Ser mujer en Bolivia
Hace varias décadas mi padre me contó que vio a un individuo golpeando a una mujer en la calle. Intervino, furioso, dispuesto a destrozar al agresor. Estaba en ello cuando sintió un agudo dolor en la nuca: la mujer le había clavado el tacón de su zapato alegando que el tipo era su marido y que tenía derecho a pegarla. Problema no al margen del abuso, sino parte dramática de él: aceptarlo como derecho.
Lo triste, en Bolivia, es que en el despropósito y mentira vil del plurinacionalismo se ha azuzado desde los más altos cargos en favor del abuso, opresión, utilización de la mujer como objeto. Al menos en tres ocasiones el presidente hizo declaraciones no solo ofensivas sino atentatorias. Cuando en el caso del Isiboro-Sécure instó a los cocaleros a ir al monte a “seducir” a las indígenas para hacerles cambiar de opinión respecto de la carretera. Eso tiene un tremendo y simple nombre: violación. En otra oportunidad, abrió las puertas de los cuarteles a todos los inocentes muchachitos que embarazaban a sus parejas, el cómo sin siquiera consultarse, y acogerse al amparo de la fuerza armada para evitar la justicia, resarcimiento, responsabilidad y etcéteras. Qué mejor que allí, que en la historia nacional ha sido siempre centro de tortura y discriminación, donde se ha ejercitado represión al pueblo y jamás se ha ganado una guerra. Cómo ganarlas si desde arriba se invita al recinto a cualquier cobarde. Lógica irracional, como todo aquí.
Luego, se perora, discursea de cuánto ha avanzado la mujer en su acceso a cargos públicos en nuestro paraíso social.
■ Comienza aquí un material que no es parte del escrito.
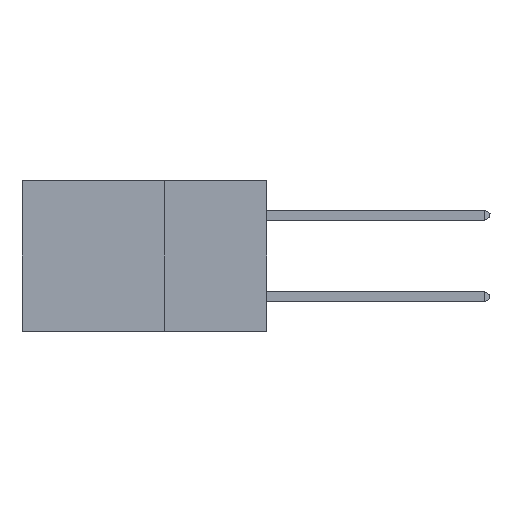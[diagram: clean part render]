
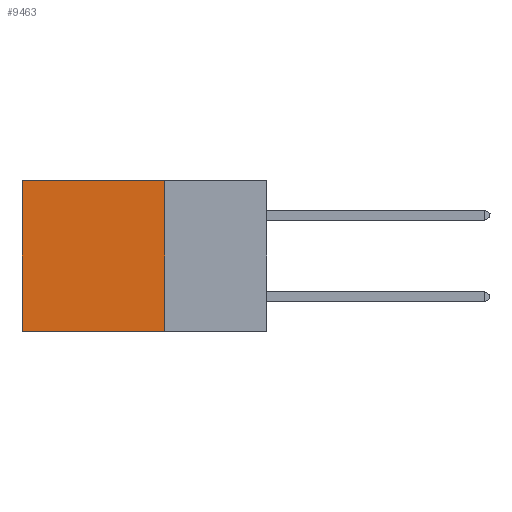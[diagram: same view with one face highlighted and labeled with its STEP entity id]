
A CAD part, left-side view. The second image highlights one B-rep face of the part: STEP entity #9463.
In plain terms, the highlighted planar face has unit normal (-1, 0, 0).
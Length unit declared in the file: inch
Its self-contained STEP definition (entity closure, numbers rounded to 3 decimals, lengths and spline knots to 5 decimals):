
#2349 = CARTESIAN_POINT ( 'NONE',  ( 0.2875, 0.6, -0.37 ) ) ;
#2991 = DIRECTION ( 'NONE',  ( 0., 0., -1. ) ) ;
#3046 = VECTOR ( 'NONE', #11291, 39.37008 ) ;
#4226 = LINE ( 'NONE', #25587, #25608 ) ;
#6907 = EDGE_CURVE ( 'NONE', #24503, #7873, #36685, .T. ) ;
#7873 = VERTEX_POINT ( 'NONE', #22169 ) ;
#8385 = VERTEX_POINT ( 'NONE', #9254 ) ;
#8474 = EDGE_CURVE ( 'NONE', #8385, #10812, #28500, .T. ) ;
#8732 = DIRECTION ( 'NONE',  ( 0., 0., -1. ) ) ;
#9254 = CARTESIAN_POINT ( 'NONE',  ( 0.2875, 0.25, -0.37 ) ) ;
#9463 = ADVANCED_FACE ( 'NONE', ( #40102 ), #24380, .F. ) ;
#10812 = VERTEX_POINT ( 'NONE', #2349 ) ;
#10851 = CARTESIAN_POINT ( 'NONE',  ( 0.2875, 0.6, 0. ) ) ;
#11291 = DIRECTION ( 'NONE',  ( 0., 0., -1. ) ) ;
#11576 = CARTESIAN_POINT ( 'NONE',  ( 0.2875, 0.25, 0. ) ) ;
#11825 = VECTOR ( 'NONE', #31040, 39.37008 ) ;
#12302 = EDGE_CURVE ( 'NONE', #7873, #10812, #26896, .T. ) ;
#18416 = CARTESIAN_POINT ( 'NONE',  ( 0.2875, 0.25, 0. ) ) ;
#18842 = CARTESIAN_POINT ( 'NONE',  ( 0.2875, 0.25, -0.37 ) ) ;
#21308 = ORIENTED_EDGE ( 'NONE', *, *, #12302, .T. ) ;
#22169 = CARTESIAN_POINT ( 'NONE',  ( 0.2875, 0.6, 0. ) ) ;
#24380 = PLANE ( 'NONE',  #32153 ) ;
#24503 = VERTEX_POINT ( 'NONE', #37100 ) ;
#25587 = CARTESIAN_POINT ( 'NONE',  ( 0.2875, 0.25, 0. ) ) ;
#25608 = VECTOR ( 'NONE', #2991, 39.37008 ) ;
#26896 = LINE ( 'NONE', #10851, #3046 ) ;
#27499 = VECTOR ( 'NONE', #30595, 39.37008 ) ;
#28500 = LINE ( 'NONE', #18842, #27499 ) ;
#28683 = ORIENTED_EDGE ( 'NONE', *, *, #6907, .T. ) ;
#30501 = EDGE_CURVE ( 'NONE', #24503, #8385, #4226, .T. ) ;
#30595 = DIRECTION ( 'NONE',  ( 0., 1., 0. ) ) ;
#31040 = DIRECTION ( 'NONE',  ( 0., 1., 0. ) ) ;
#32153 = AXIS2_PLACEMENT_3D ( 'NONE', #11576, #34235, #8732 ) ;
#33935 = ORIENTED_EDGE ( 'NONE', *, *, #8474, .F. ) ;
#34235 = DIRECTION ( 'NONE',  ( 1., 0., 0. ) ) ;
#36685 = LINE ( 'NONE', #18416, #11825 ) ;
#37100 = CARTESIAN_POINT ( 'NONE',  ( 0.2875, 0.25, 0. ) ) ;
#39356 = ORIENTED_EDGE ( 'NONE', *, *, #30501, .F. ) ;
#40102 = FACE_OUTER_BOUND ( 'NONE', #41694, .T. ) ;
#41694 = EDGE_LOOP ( 'NONE', ( #21308, #33935, #39356, #28683 ) ) ;
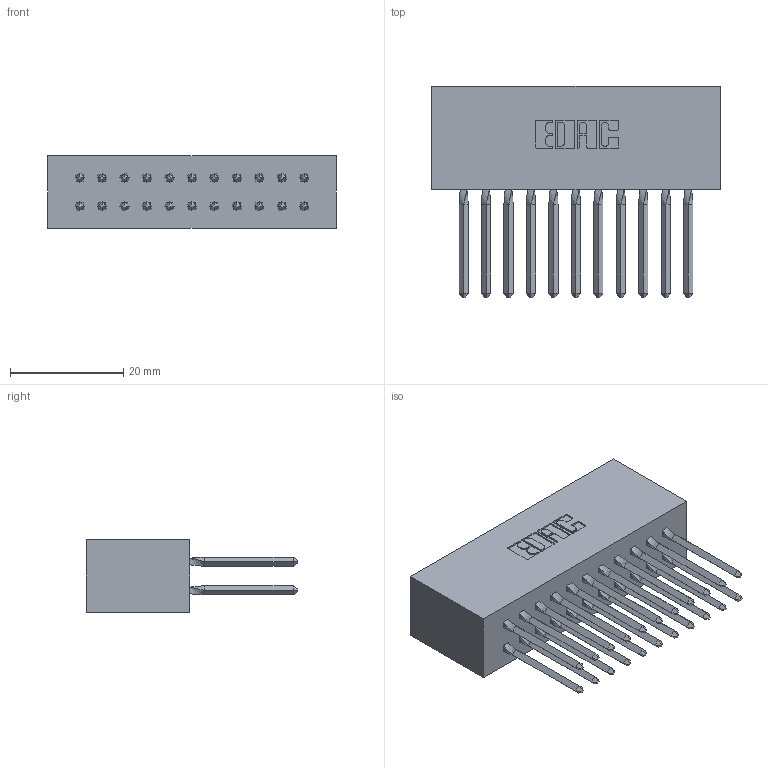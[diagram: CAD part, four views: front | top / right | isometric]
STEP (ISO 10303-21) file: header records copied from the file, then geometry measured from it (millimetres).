
FILE_DESCRIPTION (( 'STEP AP203' ), '1' );
FILE_NAME ('317-022-542-801.STEP', '2020-02-27T17:26:37', ( '' ), ( '' ), 'SwSTEP 2.0', 'SolidWorks 2016', '' );
FILE_SCHEMA (( 'CONFIG_CONTROL_DESIGN' ));
Length unit declared in the file: inch
Products named in the file (3): 317-290-003_542; 317 Part_Lugless; 317-022-542-801
Assembly tree (23 placements, depth 2):
  317-022-542-801
    317 Part_Lugless
    317-290-003_542  x22
Bounding box: 50.8 x 37.34 x 12.7 mm (x, y, z)
Volume: 9068.9 mm3; surface area: 11793.2 mm2
Topology: 23 solids, 23 shells, 1344 faces, 3759 edges, 2402 vertices
Faces by surface type: plane 1062, cylinder 194, bspline 88
Entity records: 18833 total; most frequent: CARTESIAN_POINT 3529, ORIENTED_EDGE 3192, DIRECTION 2732, EDGE_CURVE 1596, VECTOR 1434, LINE 1434, VERTEX_POINT 1058, AXIS2_PLACEMENT_3D 649
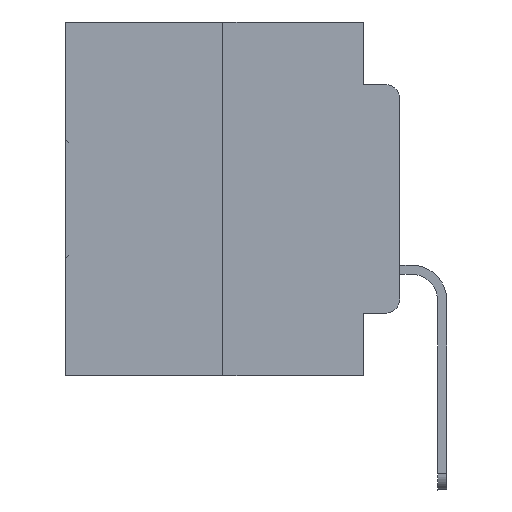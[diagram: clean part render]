
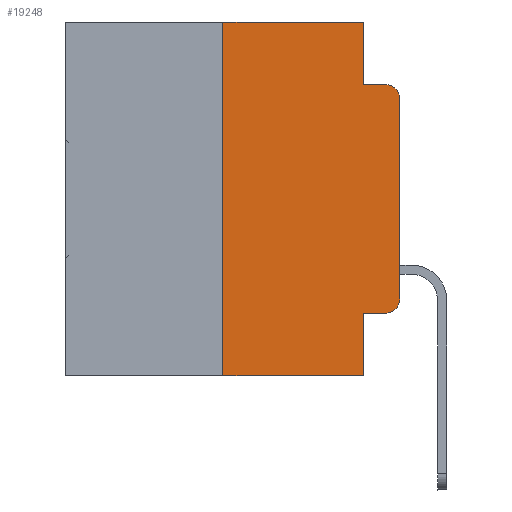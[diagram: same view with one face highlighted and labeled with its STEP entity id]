
A CAD part, left-side view. The second image highlights one B-rep face of the part: STEP entity #19248.
In plain terms, the highlighted planar face has unit normal (-1, 0, 0).
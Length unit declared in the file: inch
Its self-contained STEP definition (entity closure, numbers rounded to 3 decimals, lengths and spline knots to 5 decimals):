
#194 = DIRECTION ( 'NONE',  ( 0., -1., 0. ) ) ;
#245 = DIRECTION ( 'NONE',  ( 0., 0., -1. ) ) ;
#424 = LINE ( 'NONE', #3864, #9795 ) ;
#436 = LINE ( 'NONE', #10113, #24367 ) ;
#473 = CARTESIAN_POINT ( 'NONE',  ( 0., 0.051, 0. ) ) ;
#952 = EDGE_CURVE ( 'NONE', #21036, #16046, #4820, .T. ) ;
#961 = CARTESIAN_POINT ( 'NONE',  ( 0., 0.02, -0.1085 ) ) ;
#1728 = CARTESIAN_POINT ( 'NONE',  ( 0., 0.02, -0.4115 ) ) ;
#1892 = ORIENTED_EDGE ( 'NONE', *, *, #29366, .F. ) ;
#2329 = CARTESIAN_POINT ( 'NONE',  ( 0., 0.051, 0. ) ) ;
#2494 = LINE ( 'NONE', #21172, #5474 ) ;
#2864 = ORIENTED_EDGE ( 'NONE', *, *, #3739, .F. ) ;
#3241 = CARTESIAN_POINT ( 'NONE',  ( 0., 0.051, -0.5 ) ) ;
#3734 = AXIS2_PLACEMENT_3D ( 'NONE', #961, #14619, #12474 ) ;
#3739 = EDGE_CURVE ( 'NONE', #29156, #6365, #2494, .T. ) ;
#3752 = DIRECTION ( 'NONE',  ( 0., 0., -1. ) ) ;
#3864 = CARTESIAN_POINT ( 'NONE',  ( 0., 0., 0. ) ) ;
#3904 = PLANE ( 'NONE',  #8284 ) ;
#4045 = LINE ( 'NONE', #18142, #23309 ) ;
#4820 = LINE ( 'NONE', #9761, #11924 ) ;
#5088 = EDGE_CURVE ( 'NONE', #26887, #16909, #9137, .T. ) ;
#5439 = VECTOR ( 'NONE', #13421, 39.37008 ) ;
#5474 = VECTOR ( 'NONE', #194, 39.37008 ) ;
#5478 = CARTESIAN_POINT ( 'NONE',  ( 0., 0.02, -0.0885 ) ) ;
#6080 = EDGE_CURVE ( 'NONE', #6691, #26887, #424, .T. ) ;
#6365 = VERTEX_POINT ( 'NONE', #473 ) ;
#6691 = VERTEX_POINT ( 'NONE', #9204 ) ;
#7883 = ORIENTED_EDGE ( 'NONE', *, *, #6080, .T. ) ;
#8284 = AXIS2_PLACEMENT_3D ( 'NONE', #11436, #22586, #3752 ) ;
#8867 = ORIENTED_EDGE ( 'NONE', *, *, #5088, .T. ) ;
#9137 = CIRCLE ( 'NONE', #3734, 0.02 ) ;
#9204 = CARTESIAN_POINT ( 'NONE',  ( 0., 0., -0.3915 ) ) ;
#9667 = ORIENTED_EDGE ( 'NONE', *, *, #21999, .F. ) ;
#9761 = CARTESIAN_POINT ( 'NONE',  ( 0., 0.473, -0.5 ) ) ;
#9795 = VECTOR ( 'NONE', #13544, 39.37008 ) ;
#10113 = CARTESIAN_POINT ( 'NONE',  ( 0., 0.051, -0.4115 ) ) ;
#10429 = LINE ( 'NONE', #24033, #10681 ) ;
#10681 = VECTOR ( 'NONE', #13034, 39.37008 ) ;
#10959 = CARTESIAN_POINT ( 'NONE',  ( 0., 0.25, -0.5 ) ) ;
#11169 = EDGE_CURVE ( 'NONE', #21036, #29156, #4045, .T. ) ;
#11259 = LINE ( 'NONE', #2329, #5439 ) ;
#11436 = CARTESIAN_POINT ( 'NONE',  ( 0., 0.473, 0. ) ) ;
#11924 = VECTOR ( 'NONE', #12208, 39.37008 ) ;
#11999 = ORIENTED_EDGE ( 'NONE', *, *, #11169, .F. ) ;
#12097 = DIRECTION ( 'NONE',  ( -1., 0., 0. ) ) ;
#12208 = DIRECTION ( 'NONE',  ( 0., -1., 0. ) ) ;
#12474 = DIRECTION ( 'NONE',  ( 0., 0., -1. ) ) ;
#13034 = DIRECTION ( 'NONE',  ( 0., -1., 0. ) ) ;
#13421 = DIRECTION ( 'NONE',  ( 0., 0., -1. ) ) ;
#13544 = DIRECTION ( 'NONE',  ( 0., 0., 1. ) ) ;
#13777 = LINE ( 'NONE', #20636, #18055 ) ;
#13873 = DIRECTION ( 'NONE',  ( 0., 0., 1. ) ) ;
#14588 = CARTESIAN_POINT ( 'NONE',  ( 0., 0., -0.1085 ) ) ;
#14619 = DIRECTION ( 'NONE',  ( -1., 0., 0. ) ) ;
#14998 = DIRECTION ( 'NONE',  ( 0., 0., -1. ) ) ;
#15048 = CIRCLE ( 'NONE', #19441, 0.02 ) ;
#16046 = VERTEX_POINT ( 'NONE', #3241 ) ;
#16149 = ORIENTED_EDGE ( 'NONE', *, *, #21660, .T. ) ;
#16419 = EDGE_CURVE ( 'NONE', #26024, #16909, #10429, .T. ) ;
#16685 = CARTESIAN_POINT ( 'NONE',  ( 0., 0.02, -0.3915 ) ) ;
#16909 = VERTEX_POINT ( 'NONE', #5478 ) ;
#17290 = EDGE_LOOP ( 'NONE', ( #7883, #8867, #19928, #9667, #2864, #11999, #24078, #1892, #16149, #21845 ) ) ;
#18055 = VECTOR ( 'NONE', #245, 39.37008 ) ;
#18142 = CARTESIAN_POINT ( 'NONE',  ( 0., 0.25, 0. ) ) ;
#19248 = ADVANCED_FACE ( 'NONE', ( #20587 ), #3904, .F. ) ;
#19441 = AXIS2_PLACEMENT_3D ( 'NONE', #16685, #12097, #14998 ) ;
#19928 = ORIENTED_EDGE ( 'NONE', *, *, #16419, .F. ) ;
#20380 = EDGE_CURVE ( 'NONE', #29451, #6691, #15048, .T. ) ;
#20587 = FACE_OUTER_BOUND ( 'NONE', #17290, .T. ) ;
#20636 = CARTESIAN_POINT ( 'NONE',  ( 0., 0.051, 0. ) ) ;
#21036 = VERTEX_POINT ( 'NONE', #10959 ) ;
#21172 = CARTESIAN_POINT ( 'NONE',  ( 0., 0.473, 0. ) ) ;
#21660 = EDGE_CURVE ( 'NONE', #22618, #29451, #436, .T. ) ;
#21845 = ORIENTED_EDGE ( 'NONE', *, *, #20380, .T. ) ;
#21999 = EDGE_CURVE ( 'NONE', #6365, #26024, #13777, .T. ) ;
#22586 = DIRECTION ( 'NONE',  ( 1., 0., 0. ) ) ;
#22618 = VERTEX_POINT ( 'NONE', #28488 ) ;
#23045 = CARTESIAN_POINT ( 'NONE',  ( 0., 0.25, 0. ) ) ;
#23309 = VECTOR ( 'NONE', #13873, 39.37008 ) ;
#24033 = CARTESIAN_POINT ( 'NONE',  ( 0., 0.051, -0.0885 ) ) ;
#24078 = ORIENTED_EDGE ( 'NONE', *, *, #952, .T. ) ;
#24367 = VECTOR ( 'NONE', #26285, 39.37008 ) ;
#26024 = VERTEX_POINT ( 'NONE', #28758 ) ;
#26285 = DIRECTION ( 'NONE',  ( 0., -1., 0. ) ) ;
#26887 = VERTEX_POINT ( 'NONE', #14588 ) ;
#28488 = CARTESIAN_POINT ( 'NONE',  ( 0., 0.051, -0.4115 ) ) ;
#28758 = CARTESIAN_POINT ( 'NONE',  ( 0., 0.051, -0.0885 ) ) ;
#29156 = VERTEX_POINT ( 'NONE', #23045 ) ;
#29366 = EDGE_CURVE ( 'NONE', #22618, #16046, #11259, .T. ) ;
#29451 = VERTEX_POINT ( 'NONE', #1728 ) ;
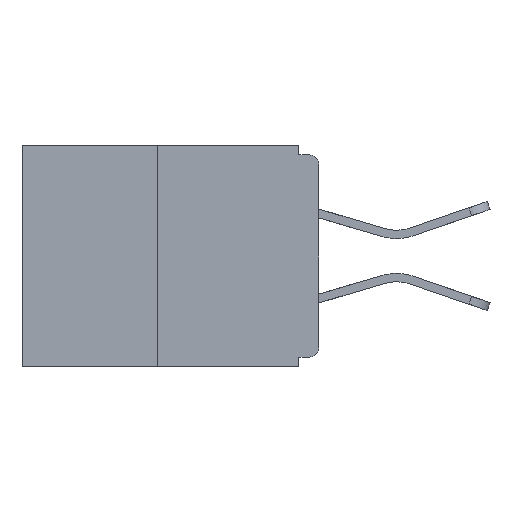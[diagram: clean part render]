
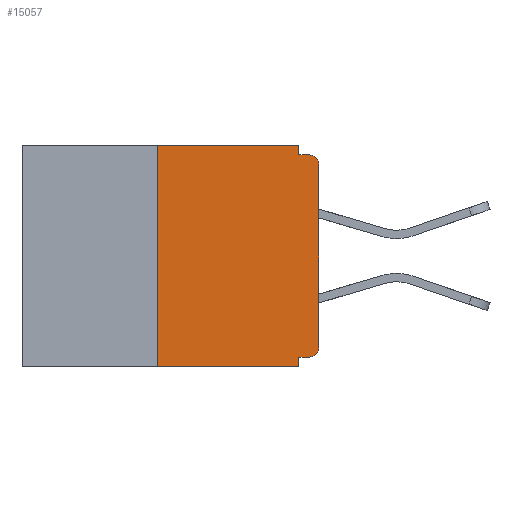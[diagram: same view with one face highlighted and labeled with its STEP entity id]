
A CAD part, left-side view. The second image highlights one B-rep face of the part: STEP entity #15057.
In plain terms, the highlighted planar face has unit normal (-1, 0, 0).
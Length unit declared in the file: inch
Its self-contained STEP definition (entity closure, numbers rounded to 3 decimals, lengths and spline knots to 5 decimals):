
#619 = CARTESIAN_POINT ( 'NONE',  ( 0., 0.015, -0.03 ) ) ;
#696 = VECTOR ( 'NONE', #3985, 39.37008 ) ;
#753 = ORIENTED_EDGE ( 'NONE', *, *, #11044, .T. ) ;
#839 = VERTEX_POINT ( 'NONE', #11449 ) ;
#856 = EDGE_CURVE ( 'NONE', #8677, #10585, #12946, .T. ) ;
#1054 = EDGE_CURVE ( 'NONE', #9454, #5364, #7737, .T. ) ;
#1182 = CARTESIAN_POINT ( 'NONE',  ( 0., 0.031, -0.328 ) ) ;
#1326 = ORIENTED_EDGE ( 'NONE', *, *, #6608, .F. ) ;
#1467 = VERTEX_POINT ( 'NONE', #11282 ) ;
#1529 = EDGE_CURVE ( 'NONE', #9454, #8579, #2127, .T. ) ;
#1614 = DIRECTION ( 'NONE',  ( 0., 0., -1. ) ) ;
#1674 = CARTESIAN_POINT ( 'NONE',  ( 0., 0., -0.03 ) ) ;
#2078 = DIRECTION ( 'NONE',  ( 0., -1., 0. ) ) ;
#2127 = LINE ( 'NONE', #8023, #6040 ) ;
#2934 = EDGE_LOOP ( 'NONE', ( #5786, #6626, #15047, #4434, #5462, #753, #4089, #10073, #3858, #1326 ) ) ;
#3033 = VECTOR ( 'NONE', #6084, 39.37008 ) ;
#3218 = CARTESIAN_POINT ( 'NONE',  ( 0., 0.46, 0. ) ) ;
#3858 = ORIENTED_EDGE ( 'NONE', *, *, #6298, .F. ) ;
#3985 = DIRECTION ( 'NONE',  ( 0., 0., 1. ) ) ;
#4089 = ORIENTED_EDGE ( 'NONE', *, *, #8295, .T. ) ;
#4434 = ORIENTED_EDGE ( 'NONE', *, *, #5783, .F. ) ;
#4591 = CARTESIAN_POINT ( 'NONE',  ( 0., 0., -0.015 ) ) ;
#4625 = VERTEX_POINT ( 'NONE', #9708 ) ;
#4680 = DIRECTION ( 'NONE',  ( -1., 0., 0. ) ) ;
#5302 = DIRECTION ( 'NONE',  ( 0., 1., 0. ) ) ;
#5364 = VERTEX_POINT ( 'NONE', #9592 ) ;
#5462 = ORIENTED_EDGE ( 'NONE', *, *, #6877, .F. ) ;
#5783 = EDGE_CURVE ( 'NONE', #10918, #8579, #11971, .T. ) ;
#5786 = ORIENTED_EDGE ( 'NONE', *, *, #14962, .F. ) ;
#5806 = CARTESIAN_POINT ( 'NONE',  ( 0., 0.015, -0.313 ) ) ;
#5995 = VECTOR ( 'NONE', #12940, 39.37008 ) ;
#6040 = VECTOR ( 'NONE', #2078, 39.37008 ) ;
#6084 = DIRECTION ( 'NONE',  ( 0., 0., -1. ) ) ;
#6298 = EDGE_CURVE ( 'NONE', #4625, #10585, #7110, .T. ) ;
#6558 = CARTESIAN_POINT ( 'NONE',  ( 0., 0.46, 0. ) ) ;
#6608 = EDGE_CURVE ( 'NONE', #9421, #4625, #8762, .T. ) ;
#6626 = ORIENTED_EDGE ( 'NONE', *, *, #1054, .F. ) ;
#6722 = LINE ( 'NONE', #12339, #9127 ) ;
#6756 = DIRECTION ( 'NONE',  ( 1., 0., 0. ) ) ;
#6800 = DIRECTION ( 'NONE',  ( 0., 0., -1. ) ) ;
#6877 = EDGE_CURVE ( 'NONE', #839, #10918, #6722, .T. ) ;
#7102 = AXIS2_PLACEMENT_3D ( 'NONE', #5806, #4680, #12816 ) ;
#7110 = LINE ( 'NONE', #4591, #5995 ) ;
#7198 = CARTESIAN_POINT ( 'NONE',  ( 0., 0.25, -0.343 ) ) ;
#7656 = VECTOR ( 'NONE', #10268, 39.37008 ) ;
#7737 = LINE ( 'NONE', #8628, #696 ) ;
#8023 = CARTESIAN_POINT ( 'NONE',  ( 0., 0.46, -0.343 ) ) ;
#8295 = EDGE_CURVE ( 'NONE', #1467, #8677, #8546, .T. ) ;
#8507 = CARTESIAN_POINT ( 'NONE',  ( 0., 0.031, 0. ) ) ;
#8546 = LINE ( 'NONE', #14143, #13350 ) ;
#8579 = VERTEX_POINT ( 'NONE', #10044 ) ;
#8628 = CARTESIAN_POINT ( 'NONE',  ( 0., 0.25, 0. ) ) ;
#8677 = VERTEX_POINT ( 'NONE', #1674 ) ;
#8742 = DIRECTION ( 'NONE',  ( -1., 0., 0. ) ) ;
#8762 = LINE ( 'NONE', #14845, #7656 ) ;
#9127 = VECTOR ( 'NONE', #5302, 39.37008 ) ;
#9421 = VERTEX_POINT ( 'NONE', #8507 ) ;
#9454 = VERTEX_POINT ( 'NONE', #7198 ) ;
#9592 = CARTESIAN_POINT ( 'NONE',  ( 0., 0.25, 0. ) ) ;
#9708 = CARTESIAN_POINT ( 'NONE',  ( 0., 0.031, -0.015 ) ) ;
#9812 = CARTESIAN_POINT ( 'NONE',  ( 0., 0.031, -0.343 ) ) ;
#10044 = CARTESIAN_POINT ( 'NONE',  ( 0., 0.031, -0.343 ) ) ;
#10073 = ORIENTED_EDGE ( 'NONE', *, *, #856, .T. ) ;
#10268 = DIRECTION ( 'NONE',  ( 0., 0., -1. ) ) ;
#10585 = VERTEX_POINT ( 'NONE', #10636 ) ;
#10636 = CARTESIAN_POINT ( 'NONE',  ( 0., 0.015, -0.015 ) ) ;
#10918 = VERTEX_POINT ( 'NONE', #1182 ) ;
#11044 = EDGE_CURVE ( 'NONE', #839, #1467, #14645, .T. ) ;
#11282 = CARTESIAN_POINT ( 'NONE',  ( 0., 0., -0.313 ) ) ;
#11449 = CARTESIAN_POINT ( 'NONE',  ( 0., 0.015, -0.328 ) ) ;
#11464 = AXIS2_PLACEMENT_3D ( 'NONE', #619, #8742, #1614 ) ;
#11971 = LINE ( 'NONE', #9812, #3033 ) ;
#12339 = CARTESIAN_POINT ( 'NONE',  ( 0., 0., -0.328 ) ) ;
#12674 = DIRECTION ( 'NONE',  ( 0., -1., 0. ) ) ;
#12816 = DIRECTION ( 'NONE',  ( 0., 0., -1. ) ) ;
#12859 = VECTOR ( 'NONE', #12674, 39.37008 ) ;
#12940 = DIRECTION ( 'NONE',  ( 0., -1., 0. ) ) ;
#12946 = CIRCLE ( 'NONE', #11464, 0.015 ) ;
#13324 = AXIS2_PLACEMENT_3D ( 'NONE', #3218, #6756, #6800 ) ;
#13350 = VECTOR ( 'NONE', #15331, 39.37008 ) ;
#13591 = FACE_OUTER_BOUND ( 'NONE', #2934, .T. ) ;
#13852 = PLANE ( 'NONE',  #13324 ) ;
#14143 = CARTESIAN_POINT ( 'NONE',  ( 0., 0., 0. ) ) ;
#14645 = CIRCLE ( 'NONE', #7102, 0.015 ) ;
#14845 = CARTESIAN_POINT ( 'NONE',  ( 0., 0.031, 0. ) ) ;
#14962 = EDGE_CURVE ( 'NONE', #5364, #9421, #15100, .T. ) ;
#15047 = ORIENTED_EDGE ( 'NONE', *, *, #1529, .T. ) ;
#15057 = ADVANCED_FACE ( 'NONE', ( #13591 ), #13852, .F. ) ;
#15100 = LINE ( 'NONE', #6558, #12859 ) ;
#15331 = DIRECTION ( 'NONE',  ( 0., 0., 1. ) ) ;

Cierto que hay ministros de sexo femenino, directoras, y más, pero todo ello se borra con unas cuantas coplas imbéciles que sin embargo apuntan concretamente a cómo se piensa en el país, desde el mandamás al resto. Y que en él, como ha sido siempre, el género femenino se reduce a lo que podríamos bien llamar carne de colchón.
Volvemos al tema de las coplas, que no se han reeditado este año porque alguien tendrá algo de cordura en esta sopa infecta. Allí se dijo, claro, que a las “ministras” Evo Morales les bajaba el calzón. Broma o no broma, el tiempo lo dirá. Nos refiere de inmediato al dictador Rafael Leónidas Trujillo, acostumbrado a obligar a las esposas de sus subordinados a acostarse con él, so pena de inenarrables castigos. Tácita la idea de asociar al tirano con el supermacho, la de hacer saber que si no se manejan las bridas del poder y del estado con la cabeza se lo hace con la verga. La misma idea, calcada, de impunidad, omnipotencia, desdén por los derechos y libertades de los otros, incluidos los maridos que en ambos lugares agacharon la cabeza, en uno ante los actos, en otro ante las palabras, y sonrieron con la beatitud de tristes e indefensos cornudos. Las ministros no callaron, defendieron al amo, lo que nos hace retomar la historia inicial, la de aceptar el abuso como derecho del que detenta el poder.
En un país sin leyes, profesionalismo, decencia en la judicatura, y sin autonomía, poco se puede hacer. Lo ha demostrado el caso de la asamblea de Sucre, donde se hubiese o no consumado el acto de penetración, asistimos a una expresión de atropello, despotismo, arbitrariedad, elementos característicos de una nación en ciernes de desaparecer, engullida por el flagelo del narcotráfico, que si bien sostiene un status quo temporal terminará destruyendo hasta las raíces de un suelo ya corrupto y canalla.
Ser mujer en Bolivia, sobre todo en esta Bolivia, es un desafío, aparte de calvario, viendo que hasta las que están mejor ubicadas ceden con beneplácito sus prendas íntimas para preservar un imperio de anacronismos, de antiguallas mestizas, indias, criollas y españolas que pesan como castigo y sustentan tronos crecidos en la ignorancia.